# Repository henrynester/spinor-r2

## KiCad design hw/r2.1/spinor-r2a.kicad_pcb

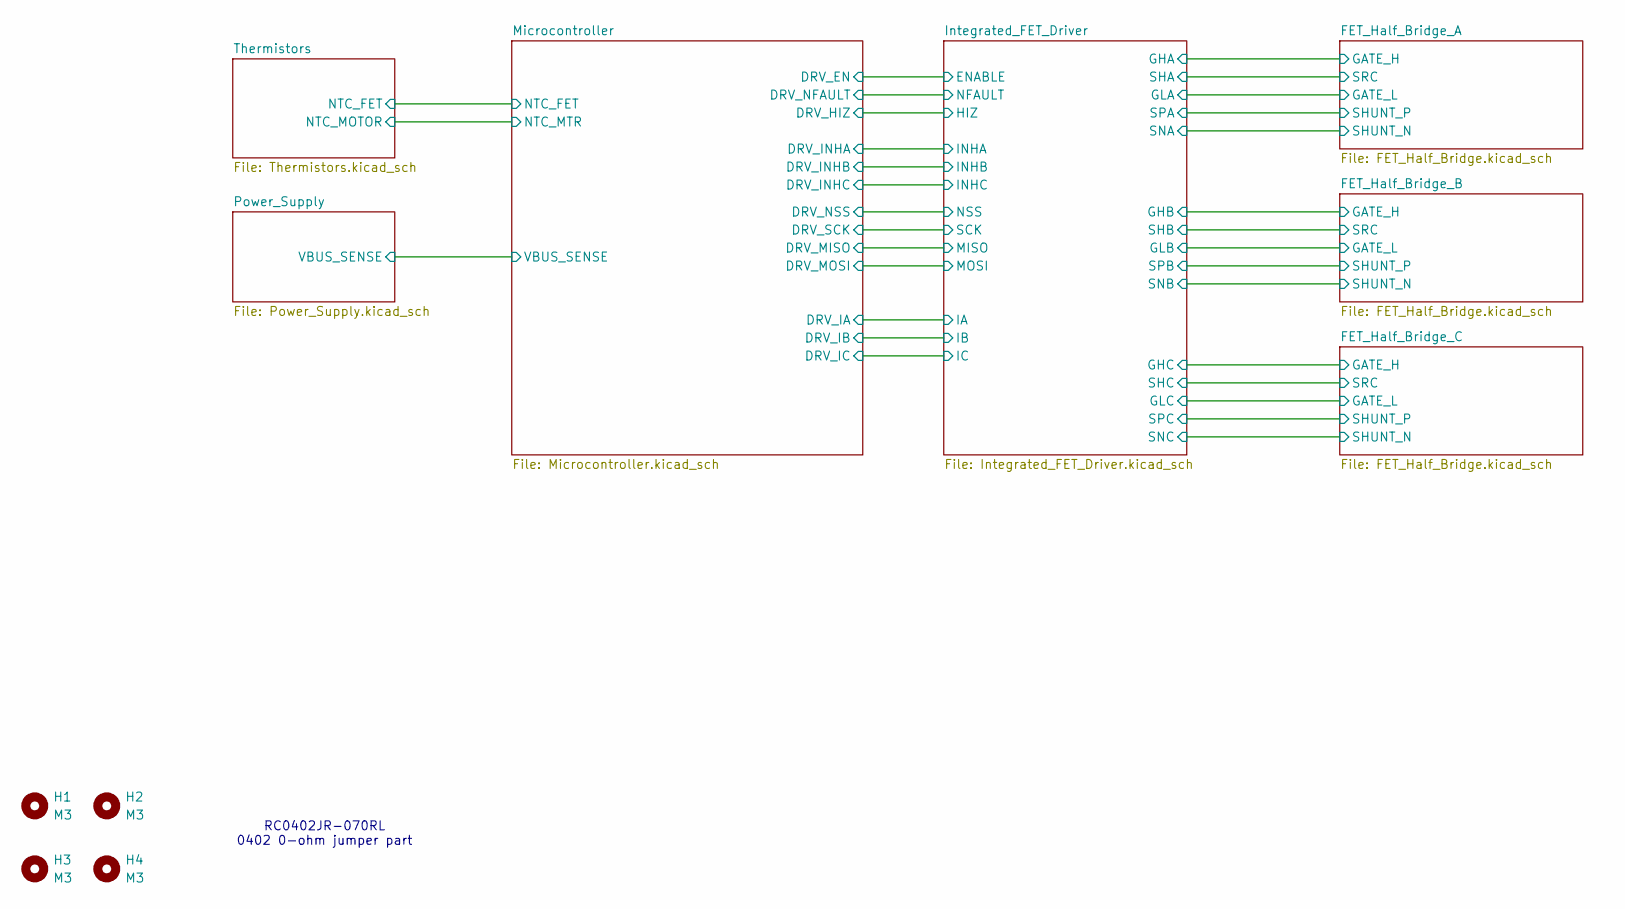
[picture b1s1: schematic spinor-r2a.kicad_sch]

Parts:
H1, H2, H3, H4: M3; MountingHole_3.2mm_M3_Pad_Via

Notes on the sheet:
RC0402JR-070RL 0402 0-ohm jumper part

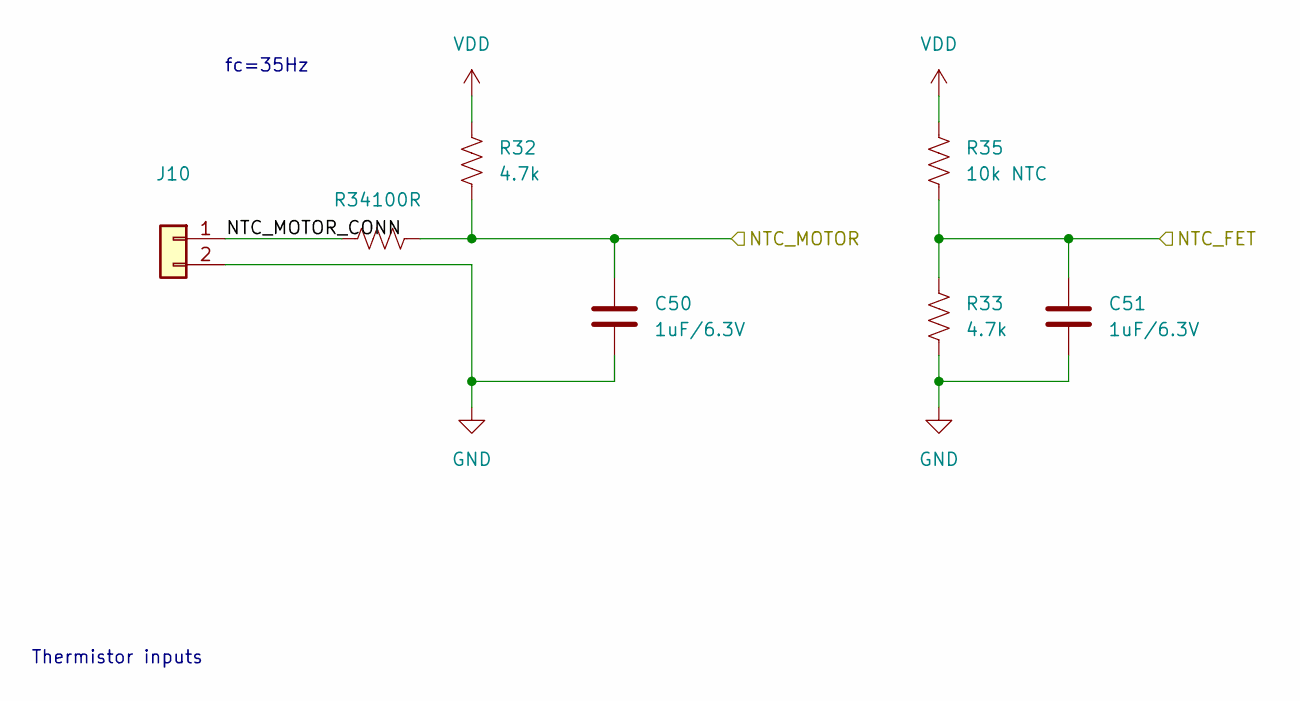
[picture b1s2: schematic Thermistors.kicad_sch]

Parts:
C50, C51: 1uF/6.3V; hn_C_0402; part Murata GRM155R70J105KA12D
J10: PinHeader_1x02_P1.27mm_Vertical
R32, R33: 4.7k; hn_R_0402; part YAGEO RC0402JR-074K7L
R34: 100R; hn_R_0402; part YAGEO RC0402FR-07100RL
R35: 10k NTC; hn_R_0805; part Murata NCP21XV103J03RA

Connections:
/Microcontroller/ADC12_IN1: C50.1, R32.2, R34.2; also elsewhere on the board
/Microcontroller/ADC12_IN2: C51.1, R33.1, R35.2; also elsewhere on the board
/Thermistors/NTC_MOTOR_CONN: J10.1, R34.1
GND: C50.2, C51.2, J10.2, R33.2; also elsewhere on the board

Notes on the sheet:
fc=35Hz
Thermistor inputs

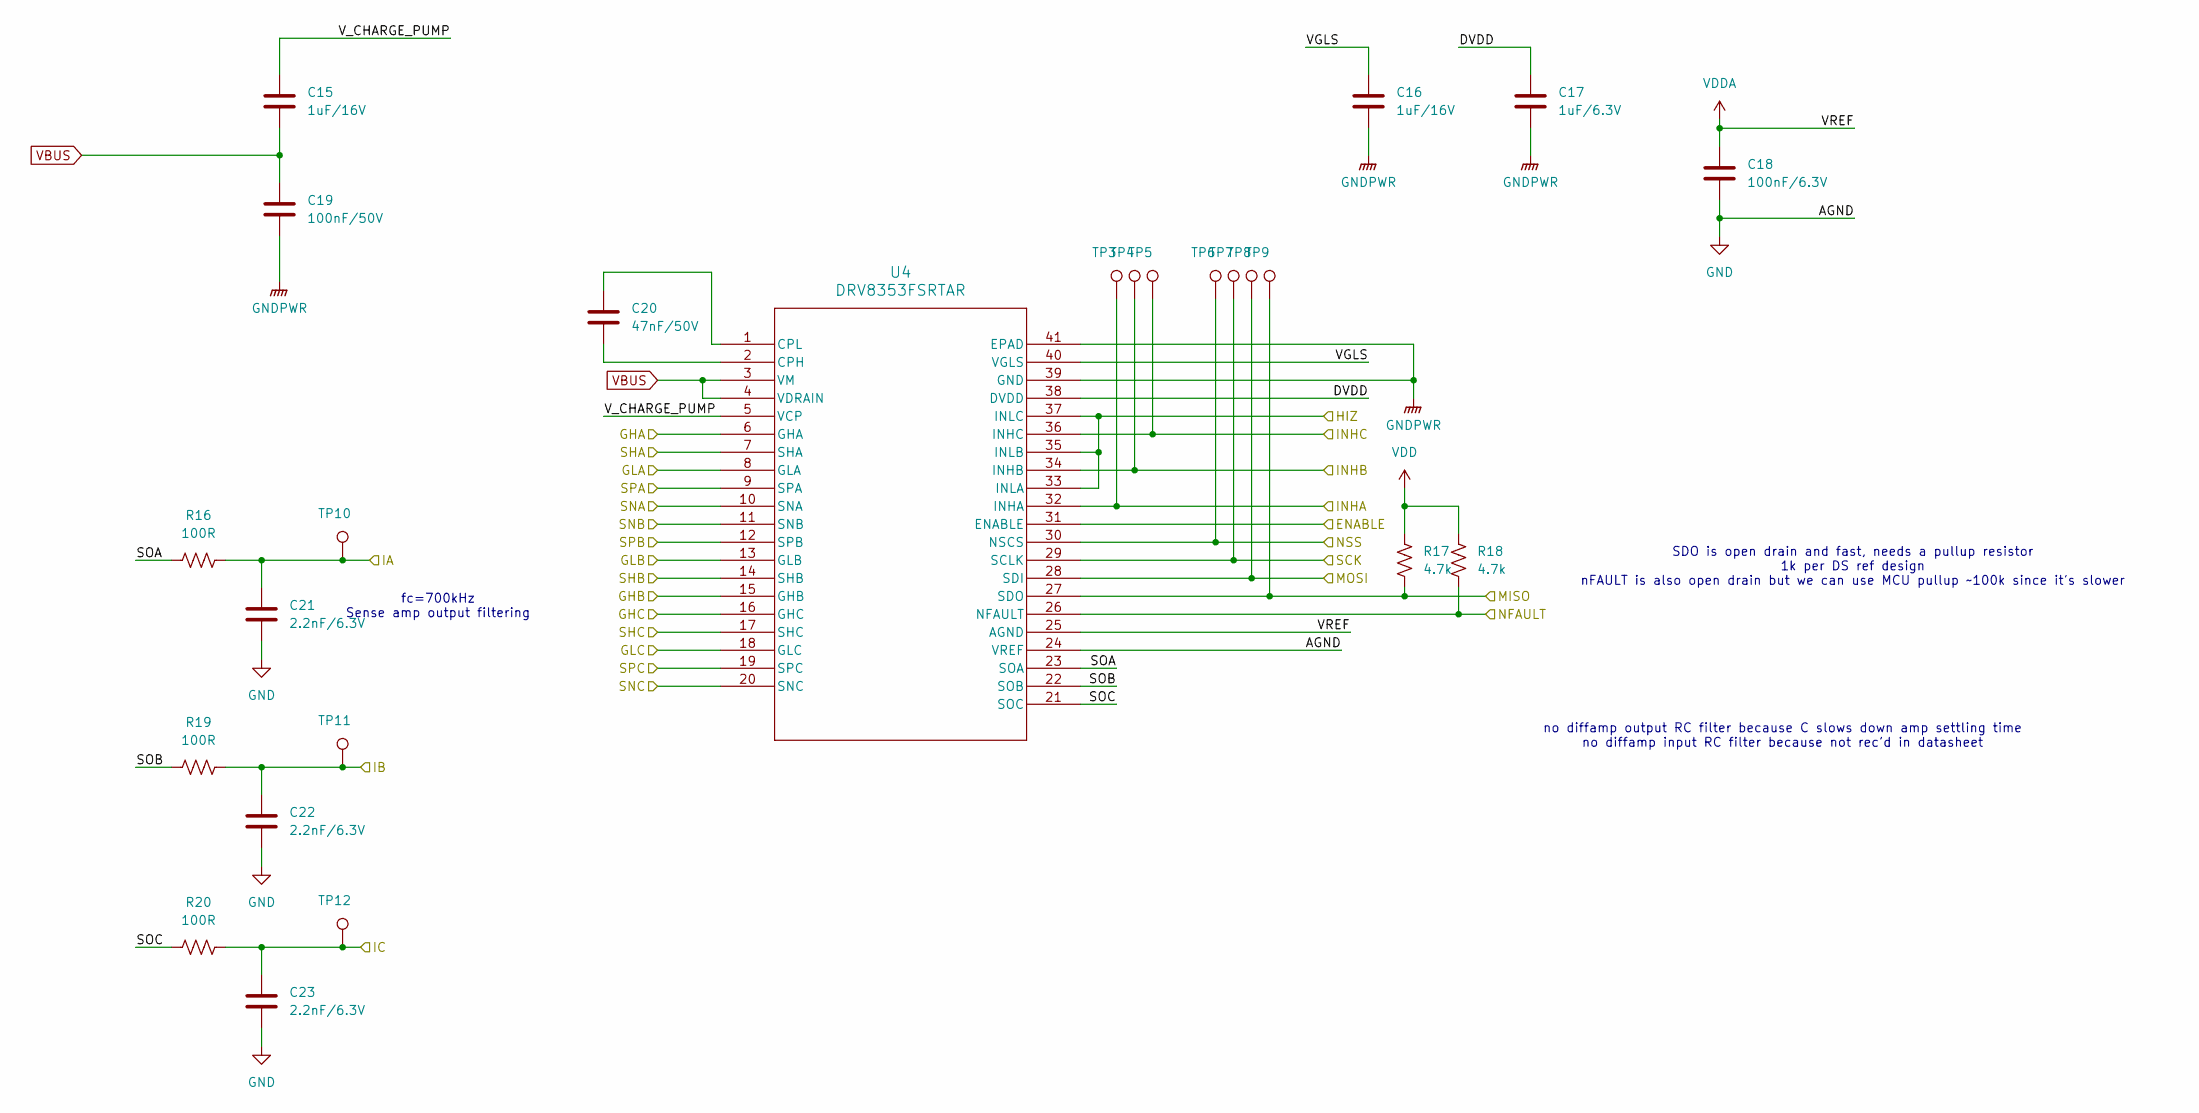
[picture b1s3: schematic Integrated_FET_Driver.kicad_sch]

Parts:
C15, C16: 1uF/16V; hn_C_0603; part Murata GCM188R71C105KA64D
C17: 1uF/6.3V; hn_C_0402; part Murata GRM155R70J105KA12D
C18: 100nF/6.3V; hn_C_0402; part Murata GRM155R70J104KA01D
C19: 100nF/50V; hn_C_0603; part Murata GCJ188R71H104KA12D
C20: 47nF/50V; hn_C_0402; part Murata GRM155R71H473KE14D
C21, C22, C23: 2.2nF/6.3V; hn_C_0402; part Murata GRM155R70J222KA01D
R16, R19, R20: 100R; hn_R_0402; part YAGEO RC0402FR-07100RL
R17, R18: 4.7k; hn_R_0402; part YAGEO RC0402JR-074K7L
TP3, TP4, TP5, TP6, TP7, TP8, TP9, TP10, TP11, TP12: PinHeader_1x01_P1.00mm_Vertical
U4: DRV8353FSRTAR; hn_TexasInstruments_WQFN40; part Texas Instruments DRV8353FSRTAR

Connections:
/FET_Half_Bridge_A/GATE_H: U4.6 (GHA); also elsewhere on the board
/FET_Half_Bridge_A/GATE_L: U4.8 (GLA); also elsewhere on the board
/FET_Half_Bridge_A/PHASE: U4.7 (SHA); also elsewhere on the board
/FET_Half_Bridge_A/SHUNT_P: U4.9 (SPA); also elsewhere on the board
/FET_Half_Bridge_B/GATE_H: U4.15 (GHB); also elsewhere on the board
/FET_Half_Bridge_B/GATE_L: U4.13 (GLB); also elsewhere on the board
/FET_Half_Bridge_B/PHASE: U4.14 (SHB); also elsewhere on the board
/FET_Half_Bridge_B/SHUNT_P: U4.12 (SPB); also elsewhere on the board
/FET_Half_Bridge_C/GATE_H: U4.16 (GHC); also elsewhere on the board
/FET_Half_Bridge_C/GATE_L: U4.18 (GLC); also elsewhere on the board
/FET_Half_Bridge_C/PHASE: U4.17 (SHC); also elsewhere on the board
/FET_Half_Bridge_C/SHUNT_P: U4.19 (SPC); also elsewhere on the board
/Integrated_FET_Driver/DVDD: C17.1, U4.38 (DVDD)
/Integrated_FET_Driver/SOA: R16.1, U4.23 (SOA)
/Integrated_FET_Driver/SOB: R19.1, U4.22 (SOB)
/Integrated_FET_Driver/SOC: R20.1, U4.21 (SOC)
/Integrated_FET_Driver/VGLS: C16.2, U4.40 (VGLS)
/Integrated_FET_Driver/V_CHARGE_PUMP: C15.2, U4.5 (VCP)
/Microcontroller/ADC1_IN12: C21.1, R16.2, TP10.1; also elsewhere on the board
/Microcontroller/ADC2_IN12: C22.1, R19.2, TP11.1; also elsewhere on the board
/Microcontroller/ADC3_IN12: C23.1, R20.2, TP12.1; also elsewhere on the board
/Microcontroller/PA7: U4.31 (ENABLE); also elsewhere on the board
/Microcontroller/PA11: U4.33 (INLA), U4.35 (INLB), U4.37 (INLC); also elsewhere on the board
/Microcontroller/PA12: R18.2, U4.26 (NFAULT); also elsewhere on the board
/Microcontroller/SPI1_MISO: R17.2, TP9.1, U4.27 (SDO); also elsewhere on the board
/Microcontroller/SPI1_MOSI: TP8.1, U4.28 (SDI); also elsewhere on the board
/Microcontroller/SPI1_NSS: TP6.1, U4.30 (NSCS); also elsewhere on the board
/Microcontroller/SPI1_SCK: TP7.1, U4.29 (SCLK); also elsewhere on the board
/Microcontroller/TIM1_CH1: TP3.1, U4.32 (INHA); also elsewhere on the board
/Microcontroller/TIM1_CH2: TP4.1, U4.34 (INHB); also elsewhere on the board
/Microcontroller/TIM1_CH3: TP5.1, U4.36 (INHC); also elsewhere on the board
GND: C16.1, C17.2, C18.2, C19.2, C21.2, C22.2, C23.2, U4.10 (SNA), U4.11 (SNB), U4.20 (SNC), U4.24 (VREF), U4.39 (GND), U4.41 (EPAD); also elsewhere on the board
unnamed: C20.2, U4.2 (CPH)
unnamed: C20.1, U4.1 (CPL)
VBUS: C15.1, C19.1, U4.3 (VM), U4.4 (VDRAIN); also elsewhere on the board

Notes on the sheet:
SDO is open drain and fast, needs a pullup resistor 1k per DS ref design nFAULT is also open drain but we can use MCU pullup ~100k since it's slower
fc=700kHz Sense amp output filtering
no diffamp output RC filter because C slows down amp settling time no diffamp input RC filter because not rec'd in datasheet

:: AIM OF THE EXERCISE ::
What is needed is an exact copy of the lines above, from the one containing "C15.2, U4.5 (VCP)" through the one containing "(SDI); also elsewhere on the board", with nothing added.

:: TASK RESPONSE ::
/Integrated_FET_Driver/V_CHARGE_PUMP: C15.2, U4.5 (VCP)
/Microcontroller/ADC1_IN12: C21.1, R16.2, TP10.1; also elsewhere on the board
/Microcontroller/ADC2_IN12: C22.1, R19.2, TP11.1; also elsewhere on the board
/Microcontroller/ADC3_IN12: C23.1, R20.2, TP12.1; also elsewhere on the board
/Microcontroller/PA7: U4.31 (ENABLE); also elsewhere on the board
/Microcontroller/PA11: U4.33 (INLA), U4.35 (INLB), U4.37 (INLC); also elsewhere on the board
/Microcontroller/PA12: R18.2, U4.26 (NFAULT); also elsewhere on the board
/Microcontroller/SPI1_MISO: R17.2, TP9.1, U4.27 (SDO); also elsewhere on the board
/Microcontroller/SPI1_MOSI: TP8.1, U4.28 (SDI); also elsewhere on the board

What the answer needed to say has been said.